--- Supplied material Enclosed Below ---
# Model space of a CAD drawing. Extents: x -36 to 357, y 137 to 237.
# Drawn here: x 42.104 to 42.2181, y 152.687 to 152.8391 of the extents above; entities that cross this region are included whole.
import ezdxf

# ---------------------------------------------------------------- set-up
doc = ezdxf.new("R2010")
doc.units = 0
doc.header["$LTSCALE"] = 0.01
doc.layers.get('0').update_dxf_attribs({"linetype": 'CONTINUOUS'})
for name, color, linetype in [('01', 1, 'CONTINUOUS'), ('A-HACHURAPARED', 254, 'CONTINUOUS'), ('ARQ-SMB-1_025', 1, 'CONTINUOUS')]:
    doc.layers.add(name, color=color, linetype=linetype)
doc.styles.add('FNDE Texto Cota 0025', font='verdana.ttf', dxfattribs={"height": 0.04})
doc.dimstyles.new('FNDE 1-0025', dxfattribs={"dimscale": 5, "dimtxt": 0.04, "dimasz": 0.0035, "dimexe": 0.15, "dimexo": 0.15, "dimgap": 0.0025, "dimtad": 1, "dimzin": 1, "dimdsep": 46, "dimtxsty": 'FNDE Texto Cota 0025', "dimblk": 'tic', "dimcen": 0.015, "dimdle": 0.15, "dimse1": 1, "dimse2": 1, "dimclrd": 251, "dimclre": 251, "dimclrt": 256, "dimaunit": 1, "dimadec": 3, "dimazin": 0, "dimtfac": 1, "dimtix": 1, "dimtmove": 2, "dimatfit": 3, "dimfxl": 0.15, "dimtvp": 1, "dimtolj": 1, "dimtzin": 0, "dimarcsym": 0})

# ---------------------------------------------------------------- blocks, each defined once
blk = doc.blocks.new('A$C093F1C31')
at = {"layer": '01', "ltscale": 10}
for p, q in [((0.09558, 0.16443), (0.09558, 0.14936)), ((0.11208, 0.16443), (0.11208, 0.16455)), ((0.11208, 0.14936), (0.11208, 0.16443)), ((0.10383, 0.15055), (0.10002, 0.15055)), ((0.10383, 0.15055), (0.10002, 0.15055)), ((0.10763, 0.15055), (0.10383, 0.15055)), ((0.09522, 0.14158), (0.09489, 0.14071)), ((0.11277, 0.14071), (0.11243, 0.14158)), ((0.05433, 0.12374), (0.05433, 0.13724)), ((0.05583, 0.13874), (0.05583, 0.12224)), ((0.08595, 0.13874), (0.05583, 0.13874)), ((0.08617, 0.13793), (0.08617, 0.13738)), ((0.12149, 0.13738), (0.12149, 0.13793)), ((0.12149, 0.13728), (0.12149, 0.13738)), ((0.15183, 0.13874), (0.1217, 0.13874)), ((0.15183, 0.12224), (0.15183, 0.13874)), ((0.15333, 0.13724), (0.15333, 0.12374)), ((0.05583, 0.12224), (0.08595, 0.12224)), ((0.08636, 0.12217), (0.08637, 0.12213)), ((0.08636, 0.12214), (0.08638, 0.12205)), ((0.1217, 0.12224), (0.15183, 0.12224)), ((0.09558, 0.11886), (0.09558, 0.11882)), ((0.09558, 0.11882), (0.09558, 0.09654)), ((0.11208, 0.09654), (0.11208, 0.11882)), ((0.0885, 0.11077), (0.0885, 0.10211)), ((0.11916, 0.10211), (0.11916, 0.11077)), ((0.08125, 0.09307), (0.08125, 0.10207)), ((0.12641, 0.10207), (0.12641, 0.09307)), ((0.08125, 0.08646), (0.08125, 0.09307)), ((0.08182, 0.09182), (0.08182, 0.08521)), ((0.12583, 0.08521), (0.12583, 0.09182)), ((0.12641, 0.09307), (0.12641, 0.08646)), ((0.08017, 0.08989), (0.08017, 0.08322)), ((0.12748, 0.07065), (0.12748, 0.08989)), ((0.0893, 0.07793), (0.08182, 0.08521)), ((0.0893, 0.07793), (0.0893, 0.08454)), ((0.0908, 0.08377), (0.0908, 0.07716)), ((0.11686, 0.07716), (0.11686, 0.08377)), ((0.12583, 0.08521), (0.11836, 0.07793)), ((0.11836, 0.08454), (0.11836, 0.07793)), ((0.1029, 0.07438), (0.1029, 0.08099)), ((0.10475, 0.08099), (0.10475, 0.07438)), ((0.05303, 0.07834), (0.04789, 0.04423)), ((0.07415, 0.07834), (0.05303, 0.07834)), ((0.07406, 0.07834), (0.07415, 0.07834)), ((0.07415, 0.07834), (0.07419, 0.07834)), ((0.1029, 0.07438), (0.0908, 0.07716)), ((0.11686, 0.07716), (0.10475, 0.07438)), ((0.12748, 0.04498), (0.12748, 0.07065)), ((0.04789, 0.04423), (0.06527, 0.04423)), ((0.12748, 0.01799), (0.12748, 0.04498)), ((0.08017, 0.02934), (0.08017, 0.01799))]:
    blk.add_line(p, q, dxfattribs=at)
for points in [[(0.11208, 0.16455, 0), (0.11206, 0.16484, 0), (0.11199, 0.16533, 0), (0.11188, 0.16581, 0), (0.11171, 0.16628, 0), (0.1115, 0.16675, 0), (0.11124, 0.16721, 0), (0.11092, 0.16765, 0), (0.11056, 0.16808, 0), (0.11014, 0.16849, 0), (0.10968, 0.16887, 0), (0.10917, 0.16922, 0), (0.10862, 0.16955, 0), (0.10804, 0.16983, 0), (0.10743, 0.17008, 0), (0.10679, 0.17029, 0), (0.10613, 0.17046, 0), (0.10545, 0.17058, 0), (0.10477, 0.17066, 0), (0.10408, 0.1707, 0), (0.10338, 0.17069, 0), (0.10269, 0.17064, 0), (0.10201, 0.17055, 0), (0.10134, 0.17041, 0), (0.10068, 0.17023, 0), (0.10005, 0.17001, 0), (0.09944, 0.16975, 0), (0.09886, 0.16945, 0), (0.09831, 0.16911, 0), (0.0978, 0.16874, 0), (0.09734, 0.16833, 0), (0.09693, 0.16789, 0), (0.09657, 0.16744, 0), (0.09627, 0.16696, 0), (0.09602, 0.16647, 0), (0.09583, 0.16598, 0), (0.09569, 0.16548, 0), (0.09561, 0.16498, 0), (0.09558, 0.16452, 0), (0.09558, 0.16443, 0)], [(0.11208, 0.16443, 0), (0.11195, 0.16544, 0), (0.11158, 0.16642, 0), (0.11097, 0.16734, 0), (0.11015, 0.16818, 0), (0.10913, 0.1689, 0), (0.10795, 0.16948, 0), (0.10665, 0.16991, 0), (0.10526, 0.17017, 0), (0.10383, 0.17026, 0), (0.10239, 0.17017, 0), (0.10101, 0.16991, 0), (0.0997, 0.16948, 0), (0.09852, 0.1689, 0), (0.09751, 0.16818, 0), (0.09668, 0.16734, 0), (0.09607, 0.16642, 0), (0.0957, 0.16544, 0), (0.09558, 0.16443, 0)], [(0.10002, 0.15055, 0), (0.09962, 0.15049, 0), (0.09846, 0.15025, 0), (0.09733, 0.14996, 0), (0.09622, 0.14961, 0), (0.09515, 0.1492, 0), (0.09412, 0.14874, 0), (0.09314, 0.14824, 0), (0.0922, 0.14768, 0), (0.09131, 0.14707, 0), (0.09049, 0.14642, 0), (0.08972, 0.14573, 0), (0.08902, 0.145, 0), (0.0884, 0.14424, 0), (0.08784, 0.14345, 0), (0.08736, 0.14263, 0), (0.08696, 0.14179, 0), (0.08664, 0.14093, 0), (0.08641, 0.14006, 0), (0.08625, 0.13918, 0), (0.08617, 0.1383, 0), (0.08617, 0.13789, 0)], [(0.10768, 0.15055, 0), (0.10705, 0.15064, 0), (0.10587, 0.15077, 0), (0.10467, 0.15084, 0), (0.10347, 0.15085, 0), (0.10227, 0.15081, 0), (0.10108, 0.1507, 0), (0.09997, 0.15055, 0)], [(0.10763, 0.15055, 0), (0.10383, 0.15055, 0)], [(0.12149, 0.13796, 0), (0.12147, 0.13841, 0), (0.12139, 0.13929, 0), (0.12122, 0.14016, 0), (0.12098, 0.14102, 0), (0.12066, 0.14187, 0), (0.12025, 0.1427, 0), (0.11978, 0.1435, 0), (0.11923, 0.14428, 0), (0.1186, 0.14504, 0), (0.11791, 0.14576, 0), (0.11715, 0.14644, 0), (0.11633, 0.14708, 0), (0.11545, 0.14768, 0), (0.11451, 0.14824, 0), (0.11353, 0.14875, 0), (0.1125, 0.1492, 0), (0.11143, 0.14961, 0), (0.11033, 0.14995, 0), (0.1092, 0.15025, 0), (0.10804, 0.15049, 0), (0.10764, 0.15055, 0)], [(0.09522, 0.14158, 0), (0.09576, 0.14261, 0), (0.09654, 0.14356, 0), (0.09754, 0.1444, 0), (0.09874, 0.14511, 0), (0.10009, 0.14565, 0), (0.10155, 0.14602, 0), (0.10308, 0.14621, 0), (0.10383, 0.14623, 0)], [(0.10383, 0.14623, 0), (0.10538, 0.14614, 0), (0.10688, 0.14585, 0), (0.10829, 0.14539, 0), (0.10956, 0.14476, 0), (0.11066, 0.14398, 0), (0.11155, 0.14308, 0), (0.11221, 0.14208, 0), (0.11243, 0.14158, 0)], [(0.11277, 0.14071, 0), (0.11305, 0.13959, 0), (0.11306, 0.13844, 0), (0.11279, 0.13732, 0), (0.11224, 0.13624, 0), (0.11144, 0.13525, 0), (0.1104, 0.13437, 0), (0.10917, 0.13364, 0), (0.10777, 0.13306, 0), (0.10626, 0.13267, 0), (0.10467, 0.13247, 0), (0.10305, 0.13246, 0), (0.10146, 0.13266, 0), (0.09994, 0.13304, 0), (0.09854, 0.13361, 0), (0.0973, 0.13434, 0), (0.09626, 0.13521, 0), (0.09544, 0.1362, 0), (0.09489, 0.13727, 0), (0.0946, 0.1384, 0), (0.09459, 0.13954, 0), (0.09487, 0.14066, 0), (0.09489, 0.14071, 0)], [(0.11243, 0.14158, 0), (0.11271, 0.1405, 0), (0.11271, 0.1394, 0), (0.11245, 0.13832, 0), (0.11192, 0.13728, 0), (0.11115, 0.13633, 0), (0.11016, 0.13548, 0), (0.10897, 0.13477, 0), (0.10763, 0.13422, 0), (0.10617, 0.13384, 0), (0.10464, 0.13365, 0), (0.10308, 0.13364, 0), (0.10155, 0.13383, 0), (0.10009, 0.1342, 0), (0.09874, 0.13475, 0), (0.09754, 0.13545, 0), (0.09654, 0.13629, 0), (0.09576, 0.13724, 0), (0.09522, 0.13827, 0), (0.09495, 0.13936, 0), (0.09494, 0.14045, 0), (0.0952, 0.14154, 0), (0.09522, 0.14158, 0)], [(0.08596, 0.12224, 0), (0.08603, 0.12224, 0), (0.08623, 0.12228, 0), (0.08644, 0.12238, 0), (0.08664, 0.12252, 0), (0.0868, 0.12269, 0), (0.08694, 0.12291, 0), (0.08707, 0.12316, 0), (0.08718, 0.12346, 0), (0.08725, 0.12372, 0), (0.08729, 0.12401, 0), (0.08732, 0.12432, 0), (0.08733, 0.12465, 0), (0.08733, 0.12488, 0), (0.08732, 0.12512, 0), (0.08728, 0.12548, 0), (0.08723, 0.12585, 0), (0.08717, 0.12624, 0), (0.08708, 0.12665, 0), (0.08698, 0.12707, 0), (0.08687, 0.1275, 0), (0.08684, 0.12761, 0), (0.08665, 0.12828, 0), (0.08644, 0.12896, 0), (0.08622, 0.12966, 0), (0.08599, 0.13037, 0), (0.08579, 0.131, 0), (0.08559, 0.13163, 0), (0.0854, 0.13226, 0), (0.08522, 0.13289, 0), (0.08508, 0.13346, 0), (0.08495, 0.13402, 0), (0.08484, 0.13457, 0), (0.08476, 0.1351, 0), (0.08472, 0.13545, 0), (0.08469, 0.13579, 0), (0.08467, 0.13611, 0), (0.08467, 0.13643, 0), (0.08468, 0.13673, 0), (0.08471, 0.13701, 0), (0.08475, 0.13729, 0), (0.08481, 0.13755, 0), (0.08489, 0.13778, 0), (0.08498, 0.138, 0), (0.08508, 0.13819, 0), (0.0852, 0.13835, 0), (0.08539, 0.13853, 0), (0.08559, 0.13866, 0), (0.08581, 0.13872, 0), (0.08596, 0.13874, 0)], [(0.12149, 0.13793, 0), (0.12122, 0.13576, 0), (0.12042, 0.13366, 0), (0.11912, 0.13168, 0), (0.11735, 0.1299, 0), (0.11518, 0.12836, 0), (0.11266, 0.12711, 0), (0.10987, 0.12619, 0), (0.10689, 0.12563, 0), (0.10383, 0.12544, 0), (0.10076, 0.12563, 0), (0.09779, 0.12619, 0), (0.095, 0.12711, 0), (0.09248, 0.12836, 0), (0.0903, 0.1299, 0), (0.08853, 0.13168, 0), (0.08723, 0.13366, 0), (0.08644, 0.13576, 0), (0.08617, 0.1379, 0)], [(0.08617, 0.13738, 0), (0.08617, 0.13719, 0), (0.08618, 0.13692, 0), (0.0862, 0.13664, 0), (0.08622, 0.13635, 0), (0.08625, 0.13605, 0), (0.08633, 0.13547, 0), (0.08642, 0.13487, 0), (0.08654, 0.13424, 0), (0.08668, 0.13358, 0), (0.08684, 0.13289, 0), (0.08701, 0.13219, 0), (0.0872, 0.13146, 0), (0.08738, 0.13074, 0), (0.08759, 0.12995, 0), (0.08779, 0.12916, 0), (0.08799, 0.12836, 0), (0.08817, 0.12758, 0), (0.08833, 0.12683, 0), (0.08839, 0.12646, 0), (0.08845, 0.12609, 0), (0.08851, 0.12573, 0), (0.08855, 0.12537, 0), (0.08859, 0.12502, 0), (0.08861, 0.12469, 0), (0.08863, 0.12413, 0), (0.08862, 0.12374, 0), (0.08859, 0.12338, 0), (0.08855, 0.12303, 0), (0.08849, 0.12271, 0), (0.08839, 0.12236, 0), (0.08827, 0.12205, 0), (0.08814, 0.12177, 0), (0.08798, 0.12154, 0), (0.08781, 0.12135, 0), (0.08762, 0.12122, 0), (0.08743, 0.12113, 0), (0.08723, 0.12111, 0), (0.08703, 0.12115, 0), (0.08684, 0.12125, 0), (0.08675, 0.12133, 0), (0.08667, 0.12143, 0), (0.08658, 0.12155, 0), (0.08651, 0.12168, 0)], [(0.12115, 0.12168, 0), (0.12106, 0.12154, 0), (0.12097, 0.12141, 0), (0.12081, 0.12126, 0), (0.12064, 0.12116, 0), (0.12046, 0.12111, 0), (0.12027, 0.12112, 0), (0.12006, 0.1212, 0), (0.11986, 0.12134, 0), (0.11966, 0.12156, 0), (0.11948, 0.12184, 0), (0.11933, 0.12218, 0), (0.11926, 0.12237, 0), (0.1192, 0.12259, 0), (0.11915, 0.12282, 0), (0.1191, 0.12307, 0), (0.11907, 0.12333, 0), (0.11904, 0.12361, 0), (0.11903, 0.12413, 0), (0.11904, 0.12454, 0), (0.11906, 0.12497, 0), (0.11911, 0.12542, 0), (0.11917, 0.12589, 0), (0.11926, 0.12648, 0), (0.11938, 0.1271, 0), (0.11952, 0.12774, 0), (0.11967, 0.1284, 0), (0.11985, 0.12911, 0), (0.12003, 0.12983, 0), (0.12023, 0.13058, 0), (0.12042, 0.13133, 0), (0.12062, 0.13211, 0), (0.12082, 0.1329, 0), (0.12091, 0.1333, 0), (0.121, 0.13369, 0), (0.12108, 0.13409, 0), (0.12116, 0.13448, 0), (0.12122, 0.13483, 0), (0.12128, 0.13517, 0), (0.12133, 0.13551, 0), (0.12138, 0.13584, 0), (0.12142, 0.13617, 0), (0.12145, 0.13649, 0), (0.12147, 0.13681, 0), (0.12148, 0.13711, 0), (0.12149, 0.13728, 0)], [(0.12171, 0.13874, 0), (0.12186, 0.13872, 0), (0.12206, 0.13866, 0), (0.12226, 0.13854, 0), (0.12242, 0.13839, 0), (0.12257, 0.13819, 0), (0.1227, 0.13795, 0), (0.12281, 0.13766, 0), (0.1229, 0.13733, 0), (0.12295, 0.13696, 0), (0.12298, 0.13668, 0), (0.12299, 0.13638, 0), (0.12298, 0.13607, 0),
--- End of Enclosed Supplied material ---
→ **The problem**
The required output is the exact run of lines from the beginning of the listing above to the line that contains "doc.units = 0", inclusive of both.

→ **Final answer**
# Model space of a CAD drawing. Extents: x -36 to 357, y 137 to 237.
# Drawn here: x 42.104 to 42.2181, y 152.687 to 152.8391 of the extents above; entities that cross this region are included whole.
import ezdxf

# ---------------------------------------------------------------- set-up
doc = ezdxf.new("R2010")
doc.units = 0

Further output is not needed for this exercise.